The amplification onset of RPA reactions was extracted first by subtracting the background from the signal and later by applying a threshold to the logarithm of the data. The quality of the calibration curve was assessed using linear regression (LinearModel class in Matlab). To test whether detection of HPV-16 or HPV-18 DNA produced signals with significantly earlier onset times than unspecific amplification, we applied a two-sample t-test (‘ttest2’ function in Matlab).
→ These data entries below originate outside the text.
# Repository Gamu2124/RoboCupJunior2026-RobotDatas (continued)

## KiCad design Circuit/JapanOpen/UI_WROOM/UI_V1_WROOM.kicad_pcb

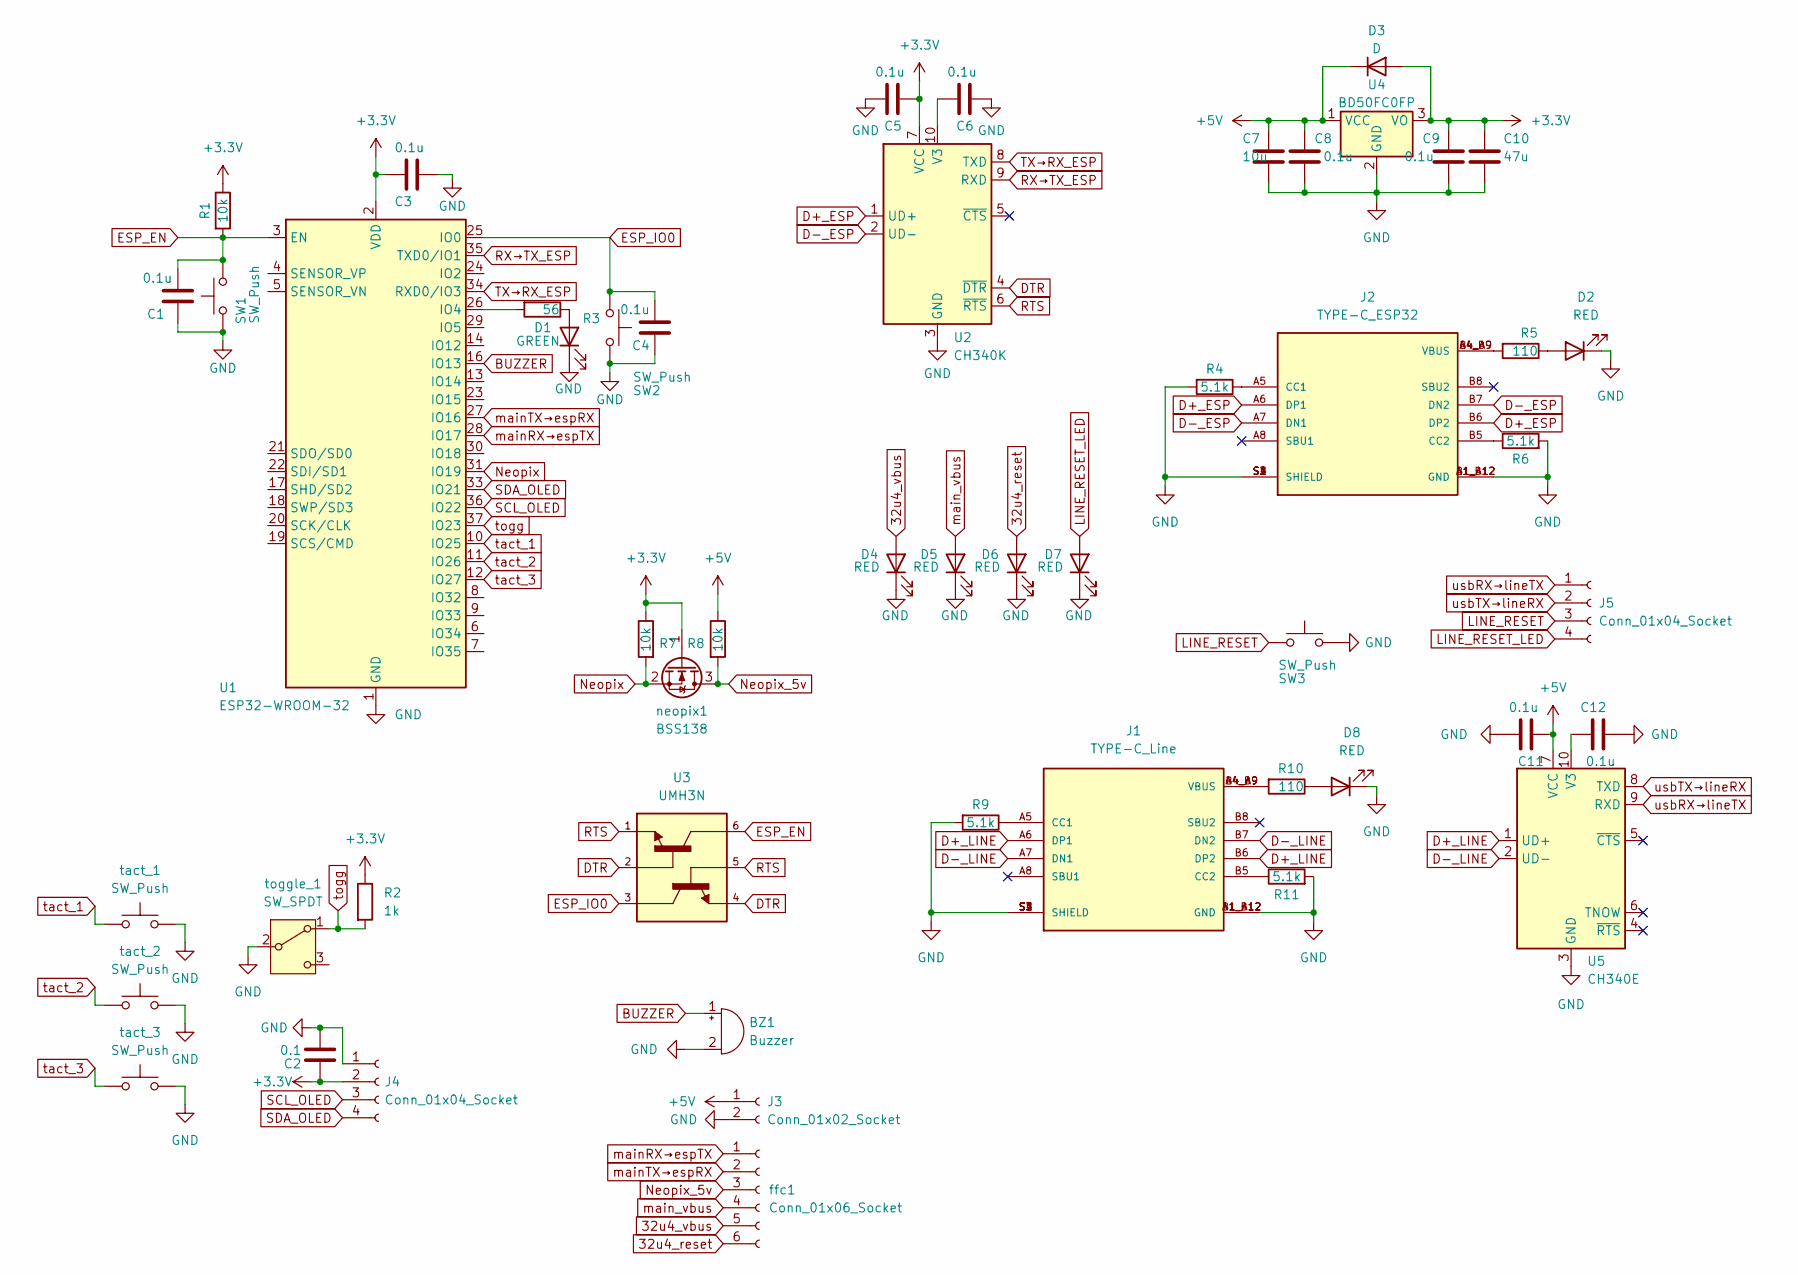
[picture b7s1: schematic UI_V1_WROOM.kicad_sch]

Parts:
BZ1: Buzzer; XDCR_KXG0909P
C1, C3, C4, C5, C6, C8, C9, C11, C12: 0.1u; C_0603_1608Metric_Pad1.08x0.95mm_HandSolder; LCSC C1581
C2: 0.1; C_0603_1608Metric_Pad1.08x0.95mm_HandSolder; LCSC C1581
C7: 10u; C_Disc_D5.1mm_W3.2mm_P5.00mm; LCSC C1713
C10: 47u; CP_Radial_D5.0mm_P2.00mm; LCSC C3337
D1: GREEN; LED_0603_1608Metric_Pad1.05x0.95mm_HandSolder
D2, D4, D5, D6, D7, D8: RED; LED_0603_1608Metric_Pad1.05x0.95mm_HandSolder
D3: D; D_SOD-123F
J1: TYPE-C_Line; NELTRON_5077CR-16SMC2-BK-TR; PARTREV B
J2: TYPE-C_ESP32; NELTRON_5077CR-16SMC2-BK-TR; PARTREV B
J3: Conn_01x02_Socket; JST_XH_B2B-XH-A_1x02_P2.50mm_Vertical
J4: Conn_01x04_Socket; PinSocket_1x04_P2.54mm_Vertical
J5: Conn_01x04_Socket; JST_XH_S4B-XH-A_1x04_P2.50mm_Horizontal
R1: 10k; R_1206_3216Metric; LCSC C26033
R2: 1k; R_Axial_DIN0207_L6.3mm_D2.5mm_P10.16mm_Horizontal
R3: 56; R_1206_3216Metric; LCSC C17909
R4, R6, R9, R11: 5.1k; R_0603_1608Metric_Pad0.98x0.95mm_HandSolder; LCSC C26033
R5, R10: 110; R_1206_3216Metric; LCSC C17909
R7, R8: 10k; R_1206_3216Metric; LCSC C1489
SW1, SW2, SW3: SW_Push; Switch_SKRPABE010
U1: ESP32-WROOM-32
U2: CH340K; SSOP-10-1EP_3.9x4.9mm_P1mm_EP2.1x3.3mm
U3: UMH3N; UMT6
U4: BD50FC0FP; TO-252-2
U5: CH340E; MSOP-10_3x3mm_P0.5mm
ffc1: Conn_01x06_Socket; TE_84952-6_1x06-1MP_P1.0mm_Horizontal
neopix1: BSS138; SOT-23; LCSC C192057
tact_1, tact_2, tact_3: SW_Push; SW_PUSH-12mm
toggle_1: SW_SPDT; PinSocket_1x03_P2.54mm_Vertical

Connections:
32u4_reset: D6.2 (A), ffc1.6
32u4_vbus: D4.2 (A), ffc1.5
+3.3V: C2.1, C3.2, C5.1, C9.1, C10.1, D3.2 (A), J4.2, R1.1, R2.1, R7.1, U1.2 (VDD), U2.7 (VCC), U4.3 (VO), neopix1.1 (G)
+5V: C7.1, C8.1, C11.1, D3.1 (K), J3.1, R8.1, U4.1 (VCC), U5.7 (VCC)
BUZZER: BZ1.1 (+), BZ1.P, U1.16 (IO13)
D+_ESP: J2.A6 (DP1), J2.B6 (DP2), U2.1 (UD+)
D+_LINE: J1.A6 (DP1), J1.B6 (DP2), U5.1 (UD+)
D-_ESP: J2.A7 (DN1), J2.B7 (DN2), U2.2 (UD-)
D-_LINE: J1.A7 (DN1), J1.B7 (DN2), U5.2 (UD-)
DTR: U2.4 (~DTR), U3.2, U3.4
ESP_EN: C1.1, R1.2, SW1.1, U1.3 (EN), U3.6
ESP_IO0: C4.1, SW2.1, U1.25 (IO0), U3.3
GND: BZ1.2 (-), BZ1.N, C1.2, C2.2, C3.1, C4.2, C5.2, C6.1, C7.2, C8.2, C9.2, C10.2, C11.2, C12.2, D1.1 (K), D2.1 (K), D4.1 (K), D5.1 (K), D6.1 (K), D7.1 (K), D8.1 (K), J1.A1_B12 (GND), J1.B1_A12 (GND), J1.S1 (SHIELD), J1.S2 (SHIELD), J1.S3 (SHIELD), J1.S4 (SHIELD), J2.A1_B12 (GND), J2.B1_A12 (GND), J2.S1 (SHIELD), J2.S2 (SHIELD), J2.S3 (SHIELD), J2.S4 (SHIELD), J3.2, J4.1, R4.2, R6.2, R9.2, R11.2, SW1.2, SW2.2, SW3.2, U1.1 (GND), U1.15 (GND), U1.38 (GND), U1.39 (GND), U2.3 (GND), U2.11 (GND), U4.2 (GND), U5.3 (GND), tact_1.2, tact_2.2, tact_3.2, toggle_1.2 (B)
LINE_RESET: J5.3, SW3.1
LINE_RESET_LED: D7.2 (A), J5.4
Neopix: R7.2, U1.31 (IO19), neopix1.2 (S)
Neopix_5v: R8.2, ffc1.3, neopix1.3 (D)
unnamed: D1.2 (A), R3.1
unnamed: D2.2 (A), R5.1
unnamed: D8.2 (A), R10.1
unnamed: J1.A5 (CC1), R9.1
unnamed: J1.B5 (CC2), R11.1
unnamed: J1.A4_B9 (VBUS), J1.B4_A9 (VBUS), R10.2
unnamed: J2.A5 (CC1), R4.1
unnamed: J2.B5 (CC2), R6.1
unnamed: J2.A4_B9 (VBUS), J2.B4_A9 (VBUS), R5.2
unnamed: R3.2, U1.26 (IO4)
unnamed: C6.2, U2.10 (V3)
unnamed: C12.1, U5.10 (V3)
RTS: U2.6 (~RTS), U3.1, U3.5
RX→TX_ESP: U1.35 (TXD0/IO1), U2.9 (RXD)
SCL_OLED: J4.3, U1.36 (IO22)
SDA_OLED: J4.4, U1.33 (IO21)
TX→RX_ESP: U1.34 (RXD0/IO3), U2.8 (TXD)
mainRX→espTX: U1.28 (IO17), ffc1.1
mainTX→espRX: U1.27 (IO16), ffc1.2
main_vbus: D5.2 (A), ffc1.4
tact_1: U1.10 (IO25), tact_1.1
tact_2: U1.11 (IO26), tact_2.1
tact_3: U1.12 (IO27), tact_3.1
togg: R2.2, U1.37 (IO23), toggle_1.1 (A)
usbRX→lineTX: J5.1, U5.9 (RXD)
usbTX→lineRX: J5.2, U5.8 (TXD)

Finite element method for characterization of self-coalescing flow

The finite-element method (FEM) platform COMSOL Multiphysics was used to model the SCM and simulate 3D laminar and 2D potential flows. Both geometries were defined using COMSOL’s CAD tools. The parameters used in the models are shown in Extended Data Table 1. The 3D laminar and 2D potential flows were respectively defined using COMSOL’s ‘laminar flow’ and ‘mathematics’ modules—that is, incompressible Navier–Stokes equation and Laplace equation. In both cases, the problem is solved in the reference frame of the moving meniscus (the Z∗ domain in Supplementary Information section 1) and plotted in the laboratory reference frame (the Z domain) with the transformation z∗ = z + Ut. This equivalence specifically implies the invariance property of the Navier–Stokes equation under a Galilean transformation. These equations were both solved using the built-in steady-state fully coupled solver. Elements were manually refined on the boundary of the meniscus to obtain sufficient numerical accuracy. Parametric sweeps were used to study the impact of the total width, contact angle and flow rate on the velocity field. The orthogonal velocity component was taken from a line going through the SCM along the x axis at different y positions and at mid-height in the Navier–Stokes case.